Was ich mich persönlich frage ist, wie die positiven Reaktionen zu all ihren Reiseberichten Finkes persönliche Mail Adresse ausfindig machen konnten.
Zudem erscheint es mir erneut etwas unrealistisch an wie viele orientalische Speisen sie sich erinnern kann, die von der Familie ihres Freundes zubereitet wurden.


Kapitel 6:
Das Land in dem es hier geht ist wirklich nichts für mich - aber das wusste ich schon vor dem Lesen.

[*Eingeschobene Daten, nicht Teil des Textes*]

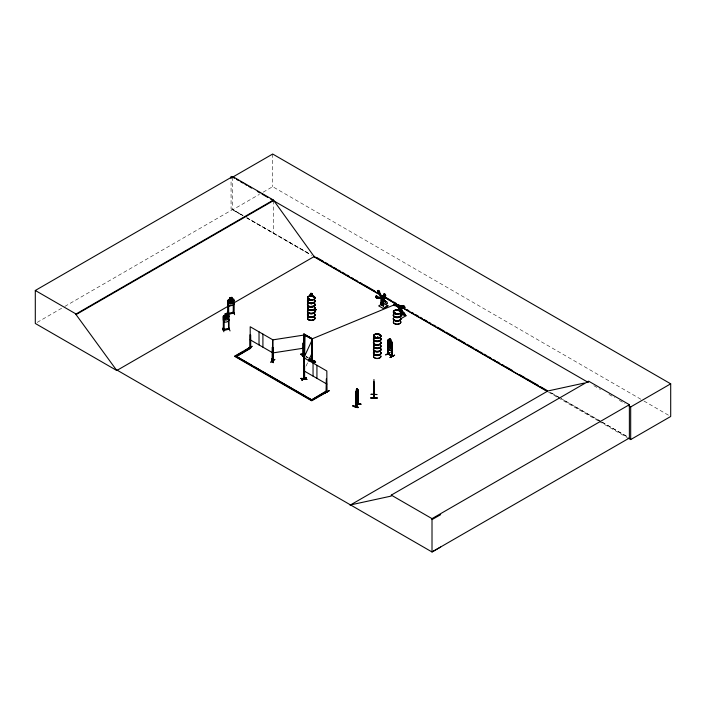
<?xml version="1.0" encoding="UTF-8"?>
<svg xmlns="http://www.w3.org/2000/svg" width="706" height="706" viewBox="0 0 706 706"><rect width="100%" height="100%" fill="white"/><g stroke="black" fill="none" stroke-linecap="round" stroke-linejoin="round"><path stroke-width="0.53" stroke-dasharray="3.53 2.65" d="M306.086 366.026L307.922 362.063M37.206 322.368L63.884 306.96M64.837 306.413L232.662 209.514L243.085 215.533M232.662 177.135L232.662 209.788L259.349 194.388M263.153 192.182L272.684 186.684L643.016 400.496M310.781 304.454L312.458 305.407M242.943 215.612L231.065 208.782L231.065 179.642M246.747 217.801L309.404 253.833L246.879 217.722M560.237 398.078L549.798 392.068L560.211 398.087M601.062 421.553L561.191 398.616L600.956 421.614M602.006 422.091L627.643 436.837M643.978 401.043L670.7 416.478M593.843 385.661L600.453 389.474M608.951 394.38L614.626 397.654M619.347 400.381L625.013 403.655M601.9 422.153L627.484 436.926M232.662 209.788L243.085 215.807M246.879 217.995L311.62 255.369M548.527 392.148L557.122 397.116M558.084 397.663L598.203 420.829M599.156 421.385L626.857 437.376M306.236 356.451L308.125 357.536M306.236 356.857L308.125 357.942M305.857 356.548L307.604 357.571M273.407 200.654L273.407 233.307M272.684 154.032L272.684 186.684M377.198 336.938A3.795 2.189 0 0 1 378.178 337.009M377.198 336.762A3.733 2.153 0 0 1 378.169 336.833"/><path stroke-width="1.06" d="M381.972 303.201C382.908 297.861 380.613 295.788 381.134 302.786A1.333 0.777 59.5 0 0 380.887 304.286A1.333 0.777 59.5 0 0 382.343 305.107A1.333 0.777 59.5 0 0 382.087 303.324L382.087 298.691M399.375 307.525C399.552 309.396 399.146 306.492 399.949 307.745M377.789 297.888A1.333 0.777 59.5 0 1 376.501 297.941A1.333 0.777 59.5 0 1 376.051 296.096A1.333 0.777 59.5 0 1 377.498 296.688L381.275 297.561L381.496 298.462L377.675 297.958A1.333 0.777 59.5 0 1 376.386 298.011A1.333 0.777 59.5 0 1 375.936 296.167A1.333 0.777 59.5 0 1 377.383 296.758M303.933 378.248L303.765 378.954L303.783 357.924L312.061 340.08M304.454 366.185L304.498 379.272L304.012 379.025L304.304 378.469L304.462 379.281L304.604 366.096L304.074 365.964L304.604 366.096M312.308 361.093L311.911 361.419L311.981 338.933L304.983 334.838L304.542 356.274L304.542 334.935L311.725 339.083L311.911 360.942M306.757 379.184C295.011 376.898 303.783 379.925 306.748 379.422M394.707 305.248L398.449 307.234L394.945 305.036M352.912 405.826C364.058 407.918 355.303 408.492 352.929 405.782M358.348 407.494L352.912 406.003L358.366 407.512M309.793 299.335L309.237 298.859L309.051 299.441M309.775 299.203L309.237 299.432M304.489 336.418L304.515 337.239L304.586 336.374M313.137 296.935L313.579 296.838M304.489 345.684L304.498 345.172L304.489 345.843M304.489 353.618L304.604 353.3M374.639 337.344L375.795 337.344L375.31 337.389M375.124 337.389L375.31 336.983M379.404 335.121L379.449 334.644L379.237 335.094M394.628 313.517L395.131 313.058M395.413 313.358L394.839 313.464L395.131 312.952M394.742 313.517L395.413 313.64L395.219 312.987M395.536 313.588L395.484 313.358M399.155 310.931L399.64 310.931M399.172 310.975L399.525 310.755M374.215 397.955L373.951 381.505M399.923 308.681L402.888 313.279A1.333 0.768 60 0 0 403.894 315.061A1.333 0.768 60 0 0 404.741 314.196A1.333 0.768 60 0 0 403.444 312.723M394.345 304.63C394.275 302.397 392.448 306.51 394.257 304.807M358.242 403.258L355.533 406.727L355.524 392.686L357.21 388.476L356.318 389.491L356.38 391.115M355.55 392.712L355.842 391.786M381.84 298.788L382.175 298.064L385.882 301.533A1.333 0.777 59.5 0 1 387.294 302.583A1.333 0.777 59.5 0 1 386.844 303.915A1.333 0.777 59.5 0 1 385.555 302.406L381.84 298.788L385.67 302.336M387.947 344.246L388.379 346.09L391.645 347.979L392.077 346.62M391.645 347.979L392.165 346.628M388.335 349.241L387.903 347.396L388.291 349.267L391.636 351.111L392.033 345.49L390.674 344.131L391.371 345.066L391.371 348.067L390.665 348.958L389.359 348.217L388.653 346.531L388.653 343.531L389.359 343.39M391.636 351.111L392.077 349.814M389.994 342.331L391.265 341.783L390.383 343.125L391.3 345.561L390.1 343.31C389.527 345.499 387.929 343.743 389.809 342.781L388.935 340.442L390.083 342.578M226.114 317.153L227.8 315.494L226.582 317.506L227.853 319.236L226.202 317.903L224.534 319.686L225.788 317.603L224.587 315.926L226.079 317.144M228.762 305.91L233.245 305.257L233.915 303.606L233.262 305.301L228.762 305.91L228.17 304.392M228.382 321.309L229.009 319.633M229.088 319.668L228.426 321.354C222.708 323.869 223.017 320.383 223.387 316.12L223.934 315.45L228.409 314.876M356.353 391.115L356.027 406.532L355.833 405.932M355.577 406.206L358.066 403.514L357.827 403.885M356.009 406.029L355.806 406.435M355.806 393.374L355.745 406.806L358.242 403.7L358.057 390.586L357.827 403.929L358.004 403.152M273.328 360.431L272.242 360.175L272.816 360.537M272.445 360.086C271.607 361.498 274.025 360.457 272.684 361.013L272.692 339.886L303.598 335.112L303.712 356.212L303.986 333.973L312.281 338.765L312.149 361.446L312.167 338.827M303.924 365.558L303.871 378.654L304.136 378.187M309.281 360.625L315.167 361.313L309.29 360.351M312.017 361.075L311.884 360.863M271.836 359.027L273.451 362.628L271.863 359.01M271.81 359.248L273.399 362.584M273.134 362.663L271.572 359.301M390.083 352.576L385.661 354.933M248.75 348.437L252.183 346.267L247.965 348.729M301.956 380.128L306.166 377.666M308.381 361.075L312.061 353.141M227.297 312.317L228.426 315.732M223.89 331.785L222.478 328.149M228.673 315.688L227.306 312.114L228.056 314.929M228.012 313.508L228.665 313.42L228.709 314.011L228.603 300.835L228.073 300.915L228.056 314.099L228.153 300.05L228.762 299.388L233.236 298.815L233.915 299.291L233.783 313.332M228.012 313.985L233.854 313.182M233.898 312.829L233.377 312.917C233.412 314.329 232.759 312.096 233.854 312.705M250.48 347.608L249.995 347.352L250.48 347.74M250.559 347.934L250.577 334.909L250.656 348.287L236.519 356.451L234.869 356.045L249.827 347.405L250.656 347.881L236.519 356.451M272.304 360.713L272.869 360.819M304.657 378.69L304.171 378.442M326.269 391.415L326.666 391.618M234.869 356.451L311.69 400.805L326.657 392.165L326.454 378.725L326.251 391.865L326.896 392.006L326.843 371.003L304.215 357.942L304.657 379.166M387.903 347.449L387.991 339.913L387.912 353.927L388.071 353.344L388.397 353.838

Das Essen (ich bin ebenfalls Vegetarierin), die Mentalität und die Überwachung sagt mir einfach nicht zu und da sie mir in den Punkten ähnelt, fand ich es etwas abstrus, dass sie in dieses Land reisen wollte. Denn ich mag wie Finke Freiheit und Ungebundenheit. Aber vor allem mag ich es kleine, illegale Kavaliersdelikte zu begehen. In diesem Land hätte ich allerdings viel zu viel Angst davor für diese Lappalien die Todesstrafe zu erhalten. Außerdem ist mir der Smog zu viel des Guten. Ich suche mir meine Freunde nach Nicht-Rauchern aus. Warum also die saubere Lunge zerstören? Für den Ausblick, der nicht existiert? Wozu reisen, wenn man nur grau sieht? Meine Gesundheit ist mir zu wertvoll für die Abgase der Produktion von unnötigem Materialismusexport pur.


Kapitel 7:
Positiv: Finke sieht rückblickend ein paar Kritiken, die ich hier erwähnt habe selbst ein und will diese verändern.
Über den Begriff "heimatlose Konsumkritikerin" musste ich erneut schmunzeln, da in diesen zwei Worten so viel Falsches steckt.Jemand aus Syrien hat die Heimat verloren und wird sie nie wieder zu Gesicht bekommen, wie sie einst einmal war. Und sie kritisiert vielleicht Materielles, aber sie konsumiert dafür für ihr Ego, den sie mit all ihren reisen nur noch mehr bestärkt. Allein die eine halbe Seite (209) besticht nur von all ihren bisherigen bereisten Zielen. Angeberalarm! Sie kritisiert Touristen, weil sie selbst sich überall integriert hat, will aber unbedingt dem Leser das auch so rüberbringen. Das wirkt sehr heuchlerisch, überheblich und arrogant, da sie die Mehrheit der Menschen damit beleidigt und gleichzeitig von ihnen Bewunderung für ihre Perfektion haben will. Sie will ein Vorbild sein, versagt in vielen Punkten in ihren Standpunkten dabei allerdings leider kläglich.


Fazit:


Solider Helfer - falls man ebenfalls einmal auf den Gedanken kommen sollte einfach so aus der gewohnten Umgebung auszubrechen.


Anmerkung: Ja, ich habe vom Schweigen gesprochen und selbst so viel geschrieben, allerdings schreibe ich generell nicht so lange Rezensionen. Das hier ist wohl eine Ausnahme und meine bisher längste.